Retinal Capillary Damage Is Already Evident in Patients With Hypertension and Prediabetes and Associated With HbA_1c Levels in the Nondiabetic Range

Prediabetes is often considered as “benign” without the presence of comorbid conditions. However, several studies have demonstrated the risk for cardiovascular disease in patients with impaired glucose tolerance and even in patients with an HbA_1c below the prediabetes cutoff (1–3). A more gradual increase in micro- and macrovascular complications has been described with glycemic measures, suggesting a continuous relationship (4–6). The Maastricht study supported the concept that microvascular dysfunction occurs before the diagnosis of type 2 diabetes mellitus (T2DM) and may play a role in disorders that are of microvascular origin (7). The aim of our study was to analyze whether a difference in retinal capillary density assessed by optical coherence tomography-angiography (OCT-A) could be observed between patients with hypertension with and without prediabetes.

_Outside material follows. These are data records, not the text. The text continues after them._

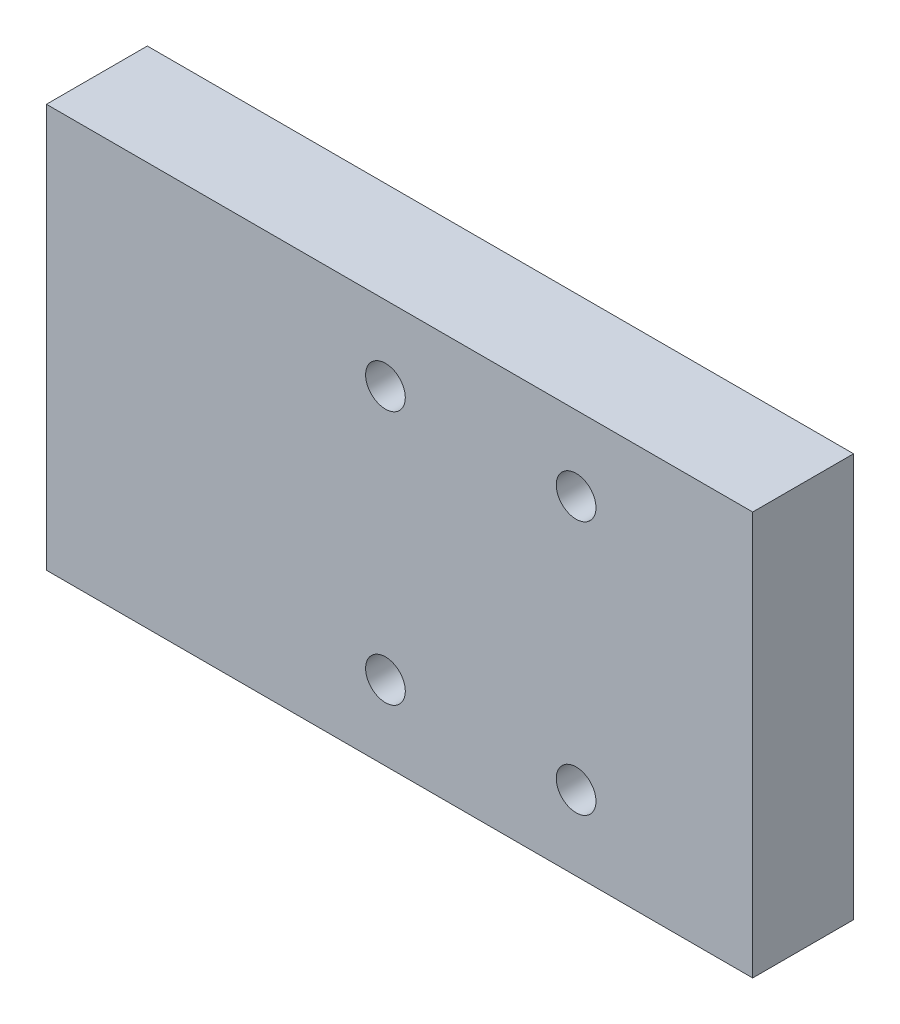
SolidWorks part; units mm, degrees
ref_plane "Plan de face" through (0, 0, 0) normal (0, 0, 1) x (1, 0, 0)
ref_plane "Plan de dessus" through (0, 0, 0) normal (0, 1, 0) x (1, 0, 0)
ref_plane "Plan de droite" through (0, 0, 0) normal (1, 0, 0) x (0, 0, -1)
sketch "Esquisse1" plane through (0, 0, 0) normal (0, 0, 1) x (1, 0, 0)
  line L1 (-22.225, 12.7) -> (22.225, 12.7)
  line L2 (-22.225, 12.7) -> (-22.225, -12.7)
  line L3 (-22.225, -12.7) -> (22.225, -12.7)
  line L4 (22.225, 12.7) -> (22.225, -12.7)
  point P4 (0, 12.7)
  point P6 (22.225, 0)
  point P7 (-22.225, 0)
  dimension "D1" = 44.45
  dimension "D2" = 25.4
extrude "Boss.-Extru.1" add sketch "Esquisse1" along normal mid plane 6.35
sketch "Esquisse2" plane through (0, 0, 3.175) normal (0, 0, 1) x (1, 0, 0)
  line L0 (22.225, -12.7) -> (22.225, 12.7) construction
  circle A0 centre (-0.8875, 8) radius 1.2497
  circle A1 centre (11.1125, 8) radius 1.2497
  dimension "D1" = 12
  dimension "D2" = 8
  dimension "D3" = 2.4994
  dimension "D4" = 11.1125
extrude "Enlèv. mat.-Extru.1" cut sketch "Esquisse2" against normal through all
mirror "Symétrie1" about plane through (0, 0, 0) normal (0, 1, 0) of "Enlèv. mat.-Extru.1"

We performed a cross-sectional study in patients with arterial hypertension from February 2016 to October 2019 at the Dobney Hypertension Centre, Royal Perth Hospital. The patient groups were defined using HbA_1c based on American Diabetes Association guideline recommendations. The details of the clinical workup and definitions for prediabetes, normal glucose metabolism, and HOMA for insulin resistance (HOMA-IR) are presented in the Supplementary Material.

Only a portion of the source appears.